• **Records contained in a dataset**
○ ○ ○ ○ ○
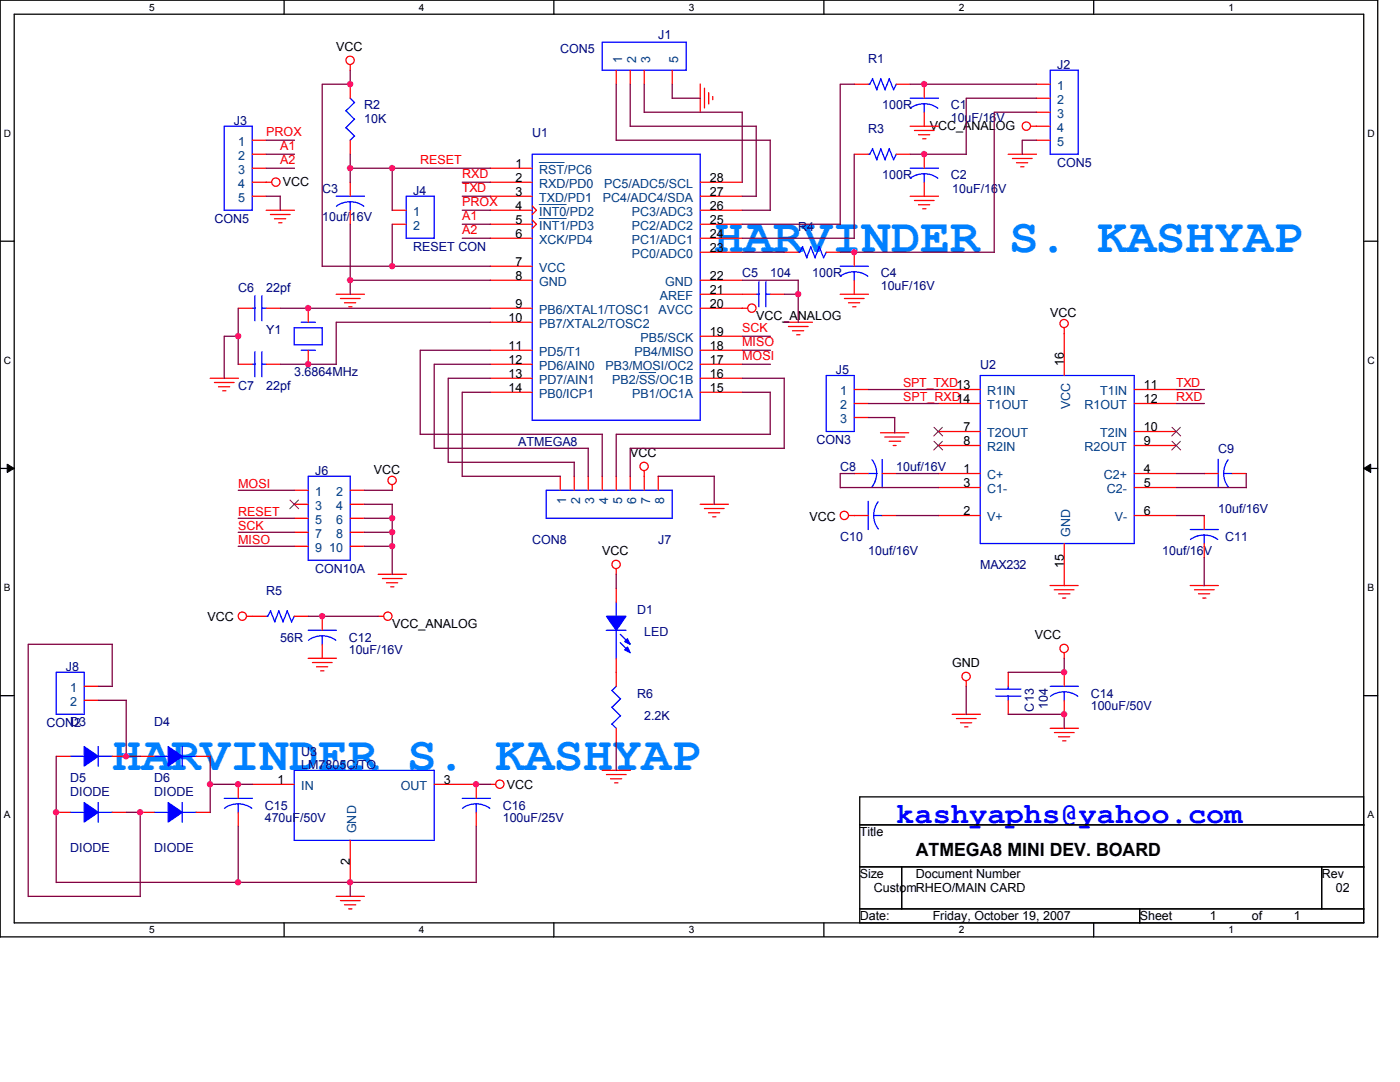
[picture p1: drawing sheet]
<svg xmlns="http://www.w3.org/2000/svg" width="279mm" height="216mm" viewBox="0 0 279 216" stroke-linecap="round" stroke-linejoin="round" font-family="sans-serif">
<path d="M0 0h275v186.9h-275zM2.8 2.8h269.4v181.3h-269.4z" fill="none" stroke="#000" stroke-width=".25"/>
<g fill="#fff">
<path d="M29.8 .3h1.1v2.3h-1.1z"/>
<path d="M29.8 184.4h1.1v2.3h-1.1z"/>
</g>
<path d="M56.7 0v2.8M56.7 184.1v2.8" fill="none" stroke="#000" stroke-width=".25"/>
<g fill="#fff">
<path d="M83.6 .3h1.1v2.3h-1.1z"/>
<path d="M83.6 184.4h1.1v2.3h-1.1z"/>
</g>
<path d="M110.5 0v2.8M110.5 184.1v2.8" fill="none" stroke="#000" stroke-width=".25"/>
<g fill="#fff">
<path d="M137.5 .3h1.1v2.3h-1.1z"/>
<path d="M137.5 184.4h1.1v2.3h-1.1z"/>
</g>
<path d="M164.4 0v2.8M164.4 184.1v2.8" fill="none" stroke="#000" stroke-width=".25"/>
<g fill="#fff">
<path d="M191.3 .3h1.1v2.3h-1.1z"/>
<path d="M191.3 184.4h1.1v2.3h-1.1z"/>
</g>
<path d="M218.3 0v2.8M218.3 184.1v2.8" fill="none" stroke="#000" stroke-width=".25"/>
<g fill="#fff">
<path d="M245.2 .3h1.1v2.3h-1.1z"/>
<path d="M245.2 184.4h1.1v2.3h-1.1z"/>
<path d="M.8 25.5h1.4v2.2h-1.4z"/>
<path d="M272.9 25.5h1.4v2.2h-1.4z"/>
<path d="M.8 70.8h1.4v2.2h-1.4z"/>
<path d="M272.9 70.8h1.4v2.2h-1.4z"/>
</g>
<path d="M0 48.1h2.8M272.2 48.1h2.8" fill="none" stroke="#000" stroke-width=".25"/>
<g fill="#fff">
<path d="M.8 116.1h1.3v2.3h-1.3z"/>
<path d="M272.9 116.1h1.3v2.3h-1.3z"/>
</g>
<path d="M0 93.5h2.8M272.2 93.5h2.8" fill="none" stroke="#000" stroke-width=".25"/>
<path d="M1.4 92.6l1.4 .9-1.4 .8zM272.2 93.5l1.4-.9v1.7z" fill="#000"/>
<path d="M1.4 92.6l1.4 .9-1.4 .8zM272.2 93.5l1.4-.9v1.7z" fill="none" stroke="#000" stroke-width=".2"/>
<g fill="#fff">
<path d="M.8 161.5h1.3v2.2h-1.3z"/>
<path d="M272.9 161.5h1.3v2.2h-1.3z"/>
</g>
<path d="M0 138.8h2.8M272.2 138.8h2.8M171.6 159h100.6v25.1h-100.6zM171.6 164.6h100.6M171.6 173h100.6M180 173v8.4M263.8 173v8.4M171.6 181.4h100.6M227.5 181.4v2.7" fill="none" stroke="#000" stroke-width=".25"/>
<g fill="none" stroke="#f00" stroke-width=".25">
<path d="M69.9 12.9v1.2M139.7 16.8v5.6M140.6 17.6v3.9M141.4 18.5v2.2M142.2 19.3v.6M50.3 36.4h3.9M50.3 30.8h2.8M50.3 39.2h2.8M50.3 33.6h2.8M50.3 28h2.8M69.9 36.4v2.8M97.8 36.4h8.4"/>
<path d="M97.8 39.2h8.4M97.8 33.6h8.4M139.7 36.4h8.4M139.7 39.2h8.4M170.5 30.8h2.8M178.9 30.8h2.8M181.7 25.2h5.6M181.7 39.2h5.6M182.5 26h3.9M183.3 26.9h2.2M184.1 27.7h.7M201.2 30.8h5.6"/>
<path d="M202.1 31.6h3.9M202.9 32.5h2.2M203.7 33.3h.6M205.7 25.2h1.1M53.1 42h5.7M54 42.8h3.9M54.8 43.6h2.2M55.6 44.4h.7M67.1 58.7h5.6M67.9 59.6h4M69.9 42v2.7M78.3 42h2.8"/>
<path d="M78.3 44.7h2.8M97.8 42h8.4M97.8 44.7h8.4M97.8 47.5h8.4M97.8 53.1h8.4M97.8 55.9h8.4M106.2 43.9l.9 .8-.9 .9M106.2 41.1l.9 .9-.9 .8M139.7 58.7h11.2M139.7 42h8.4M139.7 44.7h8.4M139.7 47.5h8.4"/>
<path d="M139.7 55.9h8.4M139.7 50.3h8.4M153.7 58.7h2.8M167.7 58.7h5.6M168.5 59.6h4M182.5 40h3.9M183.3 40.9h2.2M184.1 41.7h.7M42 75.5h5.6M42.8 76.3h3.9M43.6 77.2h2.2M44.4 78h.7"/>
<path d="M68.7 60.4h2.3M69.6 61.2h.6M97.8 75.5h8.4M97.8 64.3h8.4M97.8 61.5h8.4M97.8 72.7h8.4M97.8 78.3h8.4M97.8 69.9h8.4M139.7 75.5h8.4M139.7 61.5h9.5M139.7 72.7h8.4M139.7 78.3h8.4"/>
<path d="M139.7 69.9h8.4M139.7 67.1h8.4M156.5 64.3h5.6M157.4 65.2h3.9M158.2 66h2.2M159 66.8h.6M169.3 60.4h2.3M170.2 61.2h.6M212.4 65.4v1.2M78.3 96.7v1.2M111.8 95v2.8M114.6 95v2.8"/>
<path d="M117.4 95v2.8M120.2 95v2.8M123 95v2.8M125.8 95v2.8M128.6 93.9v3.9M131.4 95v2.8M170.5 94.5h2.8M175.7 86.4h5.7M176.1 94.5h2.8M176.6 87.2h4M177.5 88.1h2.2M178.3 88.9h.6"/>
<path d="M240.3 94.5h2.8M245.9 94.5h2.8M75.5 114.6h5.6M76.3 115.4h4M77.1 116.3h2.3M78 117.1h.6M123 113.5v1.1M139.7 100.6h5.7M140.6 101.5h3.9M141.4 102.3h2.2M142.2 103.1h.7M169.4 102.9h1.1"/>
<path d="M209.5 116.8h5.7M210.4 117.7h3.9M211.3 118.5h2.2M212 119.3h.7M237.5 116.8h5.7M238.4 117.7h3.9M239.2 118.5h2.2M240 119.3h.7M16.8 136.9h2.8M16.8 139.7h2.8M49.2 123h3.9M58.7 123h2.8"/>
<path d="M61.5 131.4h5.6M62.4 132.2h3.9M63.2 133.1h2.2M64 133.9h.6M64.3 123v2.8M64.3 128.6v2.8M75.4 123h1.2M192.8 135.8v1.2M201.2 134.2v2.7M201.2 139.7v2.8M212.4 130.3v1.1M212.4 134.2v2.7"/>
<path d="M212.4 139.7v2.8M47.5 156.5v2.8M50.3 156.5h8.4M86.7 156.5h8.3v2.8M97.8 156.5h1.1M120.2 153.7h5.6M121 154.6h4M121.8 155.4h2.3M122.7 156.2h.6M190 142.5h5.7M190.9 143.4h3.9M191.7 144.2h2.2"/>
<path d="M192.5 145h.7M209.6 145.3h5.6M210.4 146.2h4M211.2 147h2.3M212.1 147.8h.6M47.5 162.1v2.8M67.1 178.9h5.6M67.9 179.7h4M69.9 167.7v8.4M95 162.1v2.8M68.7 180.6h2.3M69.6 181.4h.6"/>
<circle cx="69.9" cy="12" r=".83"/>
<circle cx="55" cy="36.3" r=".83"/>
<circle cx="204.8" cy="25.2" r=".83"/>
<circle cx="150" cy="61.5" r=".83"/>
<circle cx="212.4" cy="64.6" r=".82"/>
<circle cx="78.2" cy="95.9" r=".83"/>
<circle cx="128.5" cy="93.1" r=".83"/>
<circle cx="123" cy="112.6" r=".83"/>
<circle cx="168.5" cy="102.8" r=".83"/>
<circle cx="48.4" cy="123" r=".83"/>
<circle cx="77.4" cy="123" r=".83"/>
<circle cx="192.8" cy="135" r=".83"/>
<circle cx="212.4" cy="129.4" r=".83"/>
<circle cx="99.8" cy="156.5" r=".83"/>
</g>
<g fill="none" stroke="#00f" stroke-width=".25">
<path d="M44.7 25.2h5.6v16.8h-5.6zM67.1 39.2h5.6M81.1 39.2h5.6v8.3h-5.6zM106.2 30.8h33.5v53.1h-33.5zM173.3 30.8h.3M174.1 29.7l.9 2.2M174.2 29.6l-.6 1.2M175.8 29.7l.9 2.2M175.8 29.6l-.8 2.3M177.5 29.7l.8 2.2M177.5 29.6l-.9 2.3M178.9 30.7l-.6 1.2"/>
<path d="M69.9 40.3l1.4 .2 1.3 .6M69.9 40.3l-1.5 .2-1.3 .6M69.9 40.3v1.7M150.9 58.7h.6M151.5 56.2v5M152.8 58.7h.9M152.9 56.2v5M109 97.8h25.2v5.6h-25.2zM173.2 94.5h1.8M174 91.7l.7 1.3 .3 1.5M175 94.5l-.3 1.4-.7 1.3M176.1 91.7v5.6"/>
<path d="M243.1 91.7v5.6M244.2 94.5l.2 1.4 .8 1.3M244.2 94.5h1.8M245.1 91.7l-.7 1.3-.2 1.5M11.2 134.2h5.6v8.3h-5.6zM53.1 123h.4M54 121.9l.9 2.2M54 121.8l-.6 1.2M55.6 121.9l.9 2.2M55.7 121.8l-.9 2.3M57.3 121.9l.9 2.2M57.4 121.8l-.9 2.3"/>
<path d="M58.8 122.9l-.6 1.2M61.5 125.8h5.6M64.3 126.9l1.4 .2 1.3 .7M64.3 126.9l-1.5 .2-1.2 .7M64.3 126.9v1.7M121 125.8h3.9M123 120.2v2.8M123 125.8v5.6M198.7 138.9h5M198.7 137.5h5M201.2 136.9v.6M201.2 138.9v.8"/>
<path d="M209.6 136.9h5.6M212.4 138l1.4 .3 1.3 .6M212.4 138l-1.5 .3-1.3 .6M212.4 138v1.8M44.7 159.3h5.7M58.7 153.7h28v14h-28zM92.2 159.3h5.7M47.5 160.4l1.5 .2 1.2 .7M47.5 160.4l-1.4 .2-1.3 .7M47.5 160.4v1.7M95 160.4l1.5 .2 1.2 .7M95 160.4l-1.4 .2-1.3 .7"/>
<path d="M95 160.4v1.7"/>
</g>
<path d="M107.6 32.4h5M107.6 43.6h5.4M107.6 40.8h5.4M127.5 74.3h3.4" fill="none" stroke="#004080" stroke-width=".2"/>
<path d="M121 123h3.9l-1.9 2.8z" fill-rule="evenodd" fill="#00f"/>
<path d="M121 123h3.9l-1.9 2.8z" fill="none" stroke="#00f" stroke-width=".25"/>
<path d="M125.2 129.1l.6 1.2-1.1-.6z" fill-rule="evenodd" fill="#00f"/>
<path d="M125.2 129.1l.6 1.2-1.1-.6z" fill="none" stroke="#00f" stroke-width=".25"/>
<path d="M125.2 127.5l.6 1.1-1.1-.6z" fill-rule="evenodd" fill="#00f"/>
<g fill="none" stroke="#00f" stroke-width=".25">
<path d="M50.9 59v5M52.3 59v5M50.3 61.5h.6M52.2 61.5h.9M164.9 74.9h5.6v11.2h-5.6zM61.5 95h8.4v16.8h-8.4zM173.3 100v5.7M174.4 102.9l.2 1.4 .7 1.3M174.4 102.9h1.7M175.3 100.1l-.7 1.3-.2 1.5M122.1 137.8l1.7 1.6M123 136.9l-.9 .9"/>
<path d="M123.8 126.6l1.7 1.7M123.8 128.2l1.7 1.8M123.9 139.4l-1.8 1.7M125.2 127.5l.6 1.1-1.1-.6zM14 150.9h2.8M19.6 149v3.9M19.6 150.9h2.8M122.1 144.4l.9 .9M122.1 141.1l1.7 1.7M123.9 142.8l-1.8 1.7"/>
</g>
<g fill="none" stroke="#f00" stroke-width=".25">
<path d="M47.5 61.5h2.8M53.1 61.5h2.8M170.5 77.7h2.8M58.7 97.8h2.8M69.9 97.8h2.8M170.5 80.5h2.8M170.5 83.3h2.8M58.7 100.6h2.8M58.7 103.4h2.8M58.7 106.2h2.8M58.7 109h2.8M69.9 100.6h2.8"/>
<path d="M69.9 103.4h2.8M69.9 106.2h2.8M69.9 109h2.8M123 117.4v2.8M170.5 102.9h2.8M176.1 102.9h2.8M123 131.4v5.5M123 145.3v2.8"/>
</g>
<path d="M57.9 99.8l1.7 1.7M59.6 99.8l-1.8 1.7" fill="none" stroke="#804000" stroke-width=".2"/>
<path d="M16.8 149l2.8 1.9-2.8 2z" fill-rule="evenodd" fill="#00f"/>
<path d="M181.7 19.6h5.6M184.4 20.7l1.5 .2 1.3 .7M184.4 20.7l-1.4 .2-1.3 .7M184.4 20.7v1.7M237.5 105.7h5.7M240.3 106.8l1.5 .2 1.2 .7M240.3 106.8l-1.4 .2-1.3 .7M240.3 106.8v1.7M16.8 149l2.8 1.9-2.8 2zM30.8 150.9h2.8M36.4 149v3.9M36.4 150.9h2.8" fill="none" stroke="#00f" stroke-width=".25"/>
<path d="M184.4 16.8v2.8M184.4 22.4v2.8M240.3 102.9v2.8M240.3 108.5v2.8M11.2 150.9h2.8M22.4 150.9h2.8" fill="none" stroke="#f00" stroke-width=".25"/>
<path d="M33.6 149l2.8 1.9-2.8 2z" fill-rule="evenodd" fill="#00f"/>
<path d="M159.3 50.3h.3M160.1 49.2l.9 2.3M160.2 49.2l-.6 1.1M161.8 49.2l.9 2.3M161.8 49.2l-.8 2.2M163.5 49.2l.9 2.3M163.5 49.2l-.9 2.2M164.9 50.3l-.6 1.1M33.6 149l2.8 1.9-2.8 2zM14 162.1h2.8M19.6 160.1v4M19.6 162.1h2.8" fill="none" stroke="#00f" stroke-width=".25"/>
<path d="M156.5 50.3h2.8M164.9 50.3h2.8M28 150.9h2.8M39.2 150.9h2.8" fill="none" stroke="#f00" stroke-width=".25"/>
<path d="M16.8 160.1l2.8 2-2.8 1.9z" fill-rule="evenodd" fill="#00f"/>
<path d="M16.8 160.1l2.8 2-2.8 1.9zM30.8 162.1h2.8M36.4 160.1v4M36.4 162.1h2.8" fill="none" stroke="#00f" stroke-width=".25"/>
<path d="M11.2 162.1h2.8M22.4 162.1h2.8" fill="none" stroke="#f00" stroke-width=".25"/>
<path d="M33.6 160.1l2.8 2-2.8 1.9z" fill-rule="evenodd" fill="#00f"/>
<g fill="none" stroke="#00f" stroke-width=".25">
<path d="M69.9 19.6l.9 .9M120.2 8.4h16.7v5.6h-16.7zM173.3 16.8h.3M174.1 15.7l.9 2.2M174.2 15.7l-.6 1.1M175.8 15.7l.9 2.2M175.8 15.7l-.8 2.2M177.5 15.7l.8 2.2M177.5 15.7l-.9 2.2M178.9 16.8l-.6 1.1M209.6 14h5.6v16.8h-5.6zM69 22.1l1.8 1.7"/>
<path d="M69 25.5l1.8 1.7M70.7 20.4l-1.7 1.7M70.7 23.8l-1.7 1.7M70.7 27.1l-.9 .9M181.7 33.6h5.6M184.4 34.7l1.5 .2 1.3 .7M184.4 34.7l-1.4 .2-1.3 .7M184.4 34.7v1.7M167.7 53.1h5.6M170.5 54.2l1.4 .3 1.3 .6M170.5 54.2l-1.5 .3-1.3 .6M170.5 54.2v1.8"/>
<path d="M50.3 72.7h.6M50.9 70.1v5.1M52.2 72.7h.9M52.3 70.1v5.1M58.7 65.4h5.6M58.7 68.8h5.6M58.7 65.4v3.4M60.1 69.9h2.8M60.1 64.3h2.8M64.3 65.4v3.4M195.6 74.9h30.8v33.6h-30.8zM33.6 160.1l2.8 2-2.8 1.9z"/>
</g>
<g fill="none" stroke="#f00" stroke-width=".25">
<path d="M69.9 16.8v2.8M123 14v2.8M125.8 14v2.8M128.6 14v2.8M134.2 14v2.8M170.5 16.8h2.8M178.9 16.8h2.8M206.8 16.8h2.8M206.8 19.6h2.8M69.9 28v2.8M184.4 30.8v2.8M184.4 36.4v2.8"/>
<path d="M206.8 22.4h2.8M206.8 25.2h2.8M206.8 28h2.8M170.5 50.3v2.8M170.5 55.9v2.8M47.5 72.7h2.8M53.1 72.7h2.8M61.5 61.5v2.8M61.5 69.9v2.8M187.2 77.7h8.4M212.4 66.5v8.4M226.4 77.7h8.3"/>
<path d="M187.2 88.9h8.4M187.2 86.1h8.4M187.2 94.5h8.4M187.2 97.3h8.4M187.2 80.5h8.4M226.4 88.9h8.3M226.4 86.1h8.3M226.4 94.5h8.3M226.4 97.3h8.3M226.4 80.5h8.3M187.2 102.9h8.4M212.4 108.5v8.3"/>
<path d="M226.4 102.9h8.3M28 162.1h2.8M39.2 162.1h2.8"/>
</g>
<path d="M186.4 88.1l1.7 1.7M186.4 85.3l1.7 1.7M188.1 88.1l-1.7 1.7M188.1 85.3l-1.7 1.7M233.9 85.3l1.7 1.7M233.9 88.1l1.7 1.7M235.6 85.3l-1.8 1.7M235.6 88.1l-1.8 1.7" fill="none" stroke="#804000" stroke-width=".2"/>
<g fill="none" stroke="#800040" stroke-width=".25">
<path d="M69.9 14v2.8M69.9 16.8h-5.6v36.4M123 16.8v11.2M125.8 16.8v8.4M128.6 16.8v5.6M134.2 16.8v2.8M134.2 19.6h5.6M170.5 16.8h-2.8v28M181.7 16.8h25.1M206.8 19.6h-14v11.2M53.1 39.2h2.9M53.1 28h5.7"/>
<path d="M53.1 33.6h5.7M53.1 30.8h5.7M55.9 39.2v2.8M69.9 30.8v5.6M69.9 33.6h28M78.3 33.6v8.4M92.2 36.4h5.7M92.2 39.2h5.7M123 28h30.8M125.8 25.2h25.2M128.6 22.4h19.6M148.1 39.2h2.9"/>
<path d="M148.1 22.4v14M150.9 25.2v14M153.7 28v14M170.5 30.8v16.8M181.7 30.8h11.2M206.8 28h-2.8v2.8M206.8 22.4h-8.4v28M64.3 53.1h33.6M69.9 44.7v14.1M69.9 55.9h28M78.3 44.7v8.5M92.2 42h5.7"/>
<path d="M92.2 47.5h5.7M92.2 44.7h5.7M148.1 42h5.7M148.1 50.3h8.4M148.1 47.5h22.4M148.1 44.7h19.6M148.1 55.9h11.2M156.5 58.7h2.8M159.3 55.9v8.4M167.7 50.3h30.8M47.5 61.5v11.2M47.6 67.1h-2.9v8.4"/>
<path d="M55.9 72.7h11.2M55.9 61.5h42M97.9 72.7h-11.2v16.8M97.9 78.3h-5.7v16.8M97.9 75.5h-8.5v16.8M97.9 64.3h-30.8v8.4M97.9 69.9h-14v16.8M148.1 72.7h5.7M148.1 78.3h5.7M148.1 75.5h8.4M148.1 67.1h5.7M148.1 69.9h5.7"/>
<path d="M153.7 78.3v8.4M156.5 75.5v14M173.3 77.7h14M234.7 77.7h5.7M47.5 97.8h11.3M72.7 97.8h5.6M83.9 86.7h36.3M86.7 89.4h30.7M89.4 92.2h25.2M92.2 95h19.6M114.6 92.2v2.9M117.4 89.4v5.7"/>
<path d="M120.2 86.7v8.4M131.4 95h11.2M142.5 95v5.7M153.8 86.7h-30.8v8.4M156.5 89.4h-30.7v5.7M167.7 97.3h19.6M170.5 94.5h-2.8v2.8M173.3 80.5h14M173.3 83.3h5.3M178.6 83.3v3.1M178.9 94.5h8.4M234.7 94.5h5.7"/>
<path d="M234.7 97.3h14M234.7 80.5h5.7M248.7 94.5v2.8M47.5 106.2h11.3M47.5 103.4h11.3M47.5 109h11.3M72.7 106.2h5.6M72.7 103.4h5.6M72.7 109h5.6M72.7 100.6h5.6M78.3 100.6v14M123 114.6v2.8"/>
<path d="M178.9 102.9h8.4M234.7 102.9h5.7M240.3 111.3v5.6M19.6 139.7h5.6M19.6 136.9h2.8M22.4 128.6v8.4M22.4 128.6h-16.8v50.3M25.2 139.7v11.3M61.5 123h14M192.8 136.9v5.7M201.2 134.2h11.2M212.4 131.4v2.8"/>
<path d="M11.2 150.9v25.2M25.2 150.9h2.8M42 156.5h8.4M42 150.9v11.2M95 156.5h2.9M123 148.1v5.7M201.2 142.5h11.2M212.4 142.5v2.9M5.6 178.9h22.4M11.2 176.1h83.8M25.2 162.1h2.8M28 162.1v16.8"/>
<path d="M47.5 164.9v11.2M69.9 176v2.9M95 164.9v11.2"/>
</g>
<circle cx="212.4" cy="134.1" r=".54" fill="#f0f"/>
○ ○ ○ ○ ○
• **TASK GOAL**
Count of lines in the data above that contain the string "rule": give this number and no other words.

• **TASK RESPONSE**
7